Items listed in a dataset
= = = =

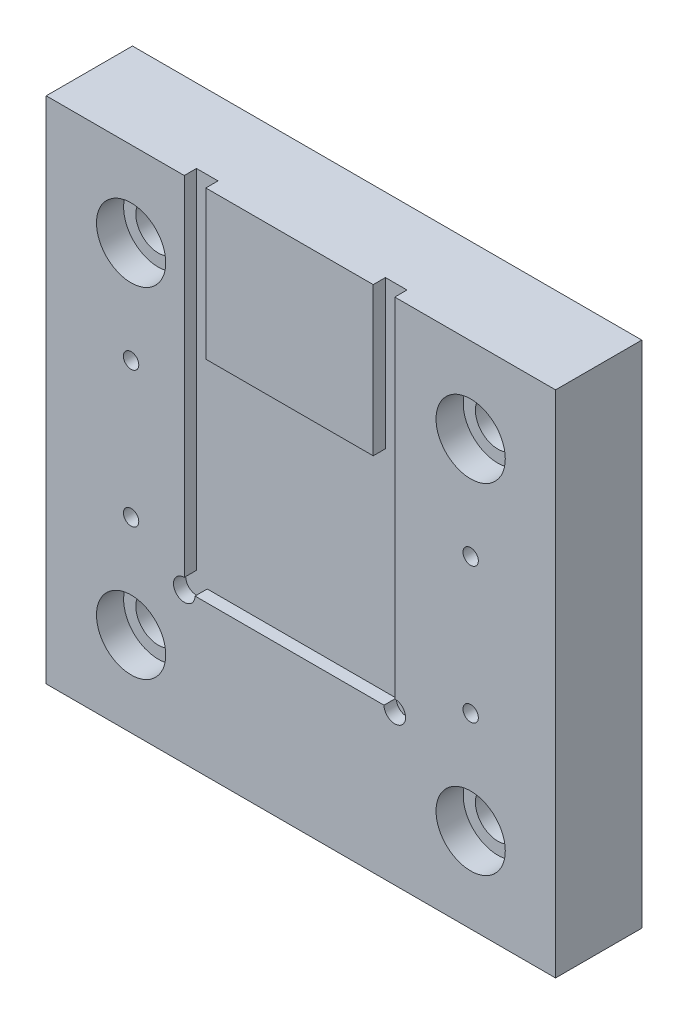
ISO-10303-21;
HEADER;
FILE_DESCRIPTION(('STEP AP214'),'2;1');
FILE_NAME('part.step','',(''),(''),'','','');
FILE_SCHEMA(('AUTOMOTIVE_DESIGN { 1 0 10303 214 1 1 1 1 }'));
ENDSEC;
DATA;
#1=APPLICATION_CONTEXT('core data for automotive mechanical design processes');
#2=APPLICATION_PROTOCOL_DEFINITION('international standard','automotive_design',2000,#1);
#3=PRODUCT_CONTEXT('',#1,'mechanical');
#4=PRODUCT('Part','Part','',(#3));
#5=PRODUCT_RELATED_PRODUCT_CATEGORY('part','',(#4));
#6=PRODUCT_DEFINITION_FORMATION('','',#4);
#7=PRODUCT_DEFINITION_CONTEXT('part definition',#1,'design');
#8=PRODUCT_DEFINITION('design','',#6,#7);
#9=PRODUCT_DEFINITION_SHAPE('','',#8);
#10=(LENGTH_UNIT() NAMED_UNIT(*) SI_UNIT(.MILLI.,.METRE.));
#11=(NAMED_UNIT(*) PLANE_ANGLE_UNIT() SI_UNIT($,.RADIAN.));
#12=(NAMED_UNIT(*) SI_UNIT($,.STERADIAN.) SOLID_ANGLE_UNIT());
#13=UNCERTAINTY_MEASURE_WITH_UNIT(LENGTH_MEASURE(1.E-05),#10,'distance_accuracy_value','');
#14=(GEOMETRIC_REPRESENTATION_CONTEXT(3) GLOBAL_UNCERTAINTY_ASSIGNED_CONTEXT((#13)) GLOBAL_UNIT_ASSIGNED_CONTEXT((#10,
#11,#12)) REPRESENTATION_CONTEXT('',''));
#15=CARTESIAN_POINT('',(0.,0.,0.));
#16=DIRECTION('',(0.,0.,1.));
#17=DIRECTION('',(1.,0.,0.));
#18=AXIS2_PLACEMENT_3D('',#15,#16,#17);
#19=CARTESIAN_POINT('',(0.,0.,12.7));
#20=DIRECTION('',(0.,0.,1.));
#21=DIRECTION('',(1.,0.,0.));
#22=AXIS2_PLACEMENT_3D('',#19,#20,#21);
#23=PLANE('',#22);
#24=DIRECTION('',(0.,1.,0.));
#25=VECTOR('',#24,1.);
#26=CARTESIAN_POINT('',(-49.6638269453301,39.1940373937284,12.7));
#27=LINE('',#26,#25);
#28=CARTESIAN_POINT('',(-49.6638269453301,39.1940373937284,12.7));
#29=VERTEX_POINT('',#28);
#30=CARTESIAN_POINT('',(-49.6638269453301,61.0294730285758,12.7));
#31=VERTEX_POINT('',#30);
#32=EDGE_CURVE('E155',#29,#31,#27,.T.);
#33=ORIENTED_EDGE('',*,*,#32,.F.);
#34=DIRECTION('',(-1.,0.,0.));
#35=VECTOR('',#34,1.);
#36=CARTESIAN_POINT('',(-49.6638269453301,39.1940373937284,12.7));
#37=LINE('',#36,#35);
#38=CARTESIAN_POINT('',(-25.0138269453301,39.1940373937284,12.7));
#39=VERTEX_POINT('',#38);
#40=EDGE_CURVE('E202',#39,#29,#37,.T.);
#41=ORIENTED_EDGE('',*,*,#40,.F.);
#42=DIRECTION('',(0.,-1.,0.));
#43=VECTOR('',#42,1.);
#44=CARTESIAN_POINT('',(-25.0138269453301,39.1940373937284,12.7));
#45=LINE('',#44,#43);
#46=CARTESIAN_POINT('',(-25.0138269453301,61.0294730285758,12.7));
#47=VERTEX_POINT('',#46);
#48=EDGE_CURVE('E199',#47,#39,#45,.T.);
#49=ORIENTED_EDGE('',*,*,#48,.F.);
#50=DIRECTION('',(-1.,0.,0.));
#51=VECTOR('',#50,1.);
#52=CARTESIAN_POINT('',(-73.1661572798309,61.0294730285758,12.7));
#53=LINE('',#52,#51);
#54=EDGE_CURVE('E293',#47,#31,#53,.T.);
#55=ORIENTED_EDGE('',*,*,#54,.T.);
#56=EDGE_LOOP('',(#33,#41,#49,#55));
#57=FACE_BOUND('',#56,.T.);
#58=ADVANCED_FACE('F32',(#57),#23,.T.);
#59=CARTESIAN_POINT('',(-10.6661572798309,-1.47052697142425,12.7));
#60=DIRECTION('',(0.,0.,-1.));
#61=DIRECTION('',(-1.,0.,0.));
#62=AXIS2_PLACEMENT_3D('',#59,#60,#61);
#63=CYLINDRICAL_SURFACE('',#62,3.3);
#64=CARTESIAN_POINT('',(-10.6661572798309,-1.47052697142425,0.));
#65=DIRECTION('',(0.,0.,1.));
#66=DIRECTION('',(1.,0.,0.));
#67=AXIS2_PLACEMENT_3D('',#64,#65,#66);
#68=CIRCLE('',#67,3.3);
#69=CARTESIAN_POINT('',(-7.36615727983086,-1.47052697142425,0.));
#70=VERTEX_POINT('',#69);
#71=EDGE_CURVE('E281',#70,#70,#68,.T.);
#72=ORIENTED_EDGE('',*,*,#71,.F.);
#73=EDGE_LOOP('',(#72));
#74=FACE_BOUND('',#73,.T.);
#75=CARTESIAN_POINT('',(-10.6661572798309,-1.47052697142425,8.7));
#76=DIRECTION('',(0.,0.,1.));
#77=DIRECTION('',(1.,0.,0.));
#78=AXIS2_PLACEMENT_3D('',#75,#76,#77);
#79=CIRCLE('',#78,3.3);
#80=CARTESIAN_POINT('',(-7.36615727983086,-1.47052697142425,8.7));
#81=VERTEX_POINT('',#80);
#82=EDGE_CURVE('E36',#81,#81,#79,.T.);
#83=ORIENTED_EDGE('',*,*,#82,.T.);
#84=EDGE_LOOP('',(#83));
#85=FACE_BOUND('',#84,.T.);
#86=ADVANCED_FACE('F368',(#74,#85),#63,.F.);
#87=CARTESIAN_POINT('',(-60.6661572798309,-1.47052697142424,12.7));
#88=DIRECTION('',(0.,0.,-1.));
#89=DIRECTION('',(-1.,0.,0.));
#90=AXIS2_PLACEMENT_3D('',#87,#88,#89);
#91=CYLINDRICAL_SURFACE('',#90,3.3);
#92=CARTESIAN_POINT('',(-60.6661572798309,-1.47052697142424,0.));
#93=DIRECTION('',(0.,0.,1.));
#94=DIRECTION('',(1.,0.,0.));
#95=AXIS2_PLACEMENT_3D('',#92,#93,#94);
#96=CIRCLE('',#95,3.3);
#97=CARTESIAN_POINT('',(-57.3661572798309,-1.47052697142424,0.));
#98=VERTEX_POINT('',#97);
#99=EDGE_CURVE('E284',#98,#98,#96,.T.);
#100=ORIENTED_EDGE('',*,*,#99,.F.);
#101=EDGE_LOOP('',(#100));
#102=FACE_BOUND('',#101,.T.);
#103=CARTESIAN_POINT('',(-60.6661572798309,-1.47052697142424,8.7));
#104=DIRECTION('',(0.,0.,1.));
#105=DIRECTION('',(1.,0.,0.));
#106=AXIS2_PLACEMENT_3D('',#103,#104,#105);
#107=CIRCLE('',#106,3.3);
#108=CARTESIAN_POINT('',(-57.3661572798309,-1.47052697142424,8.7));
#109=VERTEX_POINT('',#108);
#110=EDGE_CURVE('E233',#109,#109,#107,.T.);
#111=ORIENTED_EDGE('',*,*,#110,.T.);
#112=EDGE_LOOP('',(#111));
#113=FACE_BOUND('',#112,.T.);
#114=ADVANCED_FACE('F315',(#102,#113),#91,.F.);
#115=CARTESIAN_POINT('',(-10.6661572798309,48.5294730285758,12.7));
#116=DIRECTION('',(0.,0.,-1.));
#117=DIRECTION('',(-1.,0.,0.));
#118=AXIS2_PLACEMENT_3D('',#115,#116,#117);
#119=CYLINDRICAL_SURFACE('',#118,3.3);
#120=CARTESIAN_POINT('',(-10.6661572798309,48.5294730285758,0.));
#121=DIRECTION('',(0.,0.,1.));
#122=DIRECTION('',(1.,0.,0.));
#123=AXIS2_PLACEMENT_3D('',#120,#121,#122);
#124=CIRCLE('',#123,3.3);
#125=CARTESIAN_POINT('',(-7.36615727983088,48.5294730285758,0.));
#126=VERTEX_POINT('',#125);
#127=EDGE_CURVE('E278',#126,#126,#124,.T.);
#128=ORIENTED_EDGE('',*,*,#127,.F.);
#129=EDGE_LOOP('',(#128));
#130=FACE_BOUND('',#129,.T.);
#131=CARTESIAN_POINT('',(-10.6661572798309,48.5294730285758,8.7));
#132=DIRECTION('',(0.,0.,1.));
#133=DIRECTION('',(1.,0.,0.));
#134=AXIS2_PLACEMENT_3D('',#131,#132,#133);
#135=CIRCLE('',#134,3.3);
#136=CARTESIAN_POINT('',(-7.36615727983088,48.5294730285758,8.7));
#137=VERTEX_POINT('',#136);
#138=EDGE_CURVE('E240',#137,#137,#135,.T.);
#139=ORIENTED_EDGE('',*,*,#138,.T.);
#140=EDGE_LOOP('',(#139));
#141=FACE_BOUND('',#140,.T.);
#142=ADVANCED_FACE('F378',(#130,#141),#119,.F.);
#143=CARTESIAN_POINT('',(-60.6661572798309,48.5294730285758,12.7));
#144=DIRECTION('',(0.,0.,-1.));
#145=DIRECTION('',(-1.,0.,0.));
#146=AXIS2_PLACEMENT_3D('',#143,#144,#145);
#147=CYLINDRICAL_SURFACE('',#146,3.29999999999999);
#148=CARTESIAN_POINT('',(-60.6661572798309,48.5294730285758,0.));
#149=DIRECTION('',(0.,0.,1.));
#150=DIRECTION('',(1.,0.,0.));
#151=AXIS2_PLACEMENT_3D('',#148,#149,#150);
#152=CIRCLE('',#151,3.29999999999999);
#153=CARTESIAN_POINT('',(-57.3661572798309,48.5294730285758,0.));
#154=VERTEX_POINT('',#153);
#155=EDGE_CURVE('E273',#154,#154,#152,.T.);
#156=ORIENTED_EDGE('',*,*,#155,.F.);
#157=EDGE_LOOP('',(#156));
#158=FACE_BOUND('',#157,.T.);
#159=CARTESIAN_POINT('',(-60.6661572798309,48.5294730285758,8.7));
#160=DIRECTION('',(0.,0.,1.));
#161=DIRECTION('',(1.,0.,0.));
#162=AXIS2_PLACEMENT_3D('',#159,#160,#161);
#163=CIRCLE('',#162,3.29999999999999);
#164=CARTESIAN_POINT('',(-57.3661572798309,48.5294730285758,8.7));
#165=VERTEX_POINT('',#164);
#166=EDGE_CURVE('E247',#165,#165,#163,.T.);
#167=ORIENTED_EDGE('',*,*,#166,.T.);
#168=EDGE_LOOP('',(#167));
#169=FACE_BOUND('',#168,.T.);
#170=ADVANCED_FACE('F335',(#158,#169),#147,.F.);
#171=DIRECTION('',(0.,1.,0.));
#172=VECTOR('',#171,1.);
#173=CARTESIAN_POINT('',(-21.8388269453301,39.1940373937284,12.7));
#174=LINE('',#173,#172);
#175=CARTESIAN_POINT('',(-21.8388269453301,9.78153739372838,12.7));
#176=VERTEX_POINT('',#175);
#177=CARTESIAN_POINT('',(-21.8388269453301,61.0294730285758,12.7));
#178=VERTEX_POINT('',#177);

= = = =

# WORK INSTRUCTIONS
If a picture appears among the records, leave it out, and otherwise reproduce exactly every line from the first line through the one with "#1=APPLICATION_CONTEXT('core data for", both included.

# YOUR RESPONSE
ISO-10303-21;
HEADER;
FILE_DESCRIPTION(('STEP AP214'),'2;1');
FILE_NAME('part.step','',(''),(''),'','','');
FILE_SCHEMA(('AUTOMOTIVE_DESIGN { 1 0 10303 214 1 1 1 1 }'));
ENDSEC;
DATA;
#1=APPLICATION_CONTEXT('core data for automotive mechanical design processes');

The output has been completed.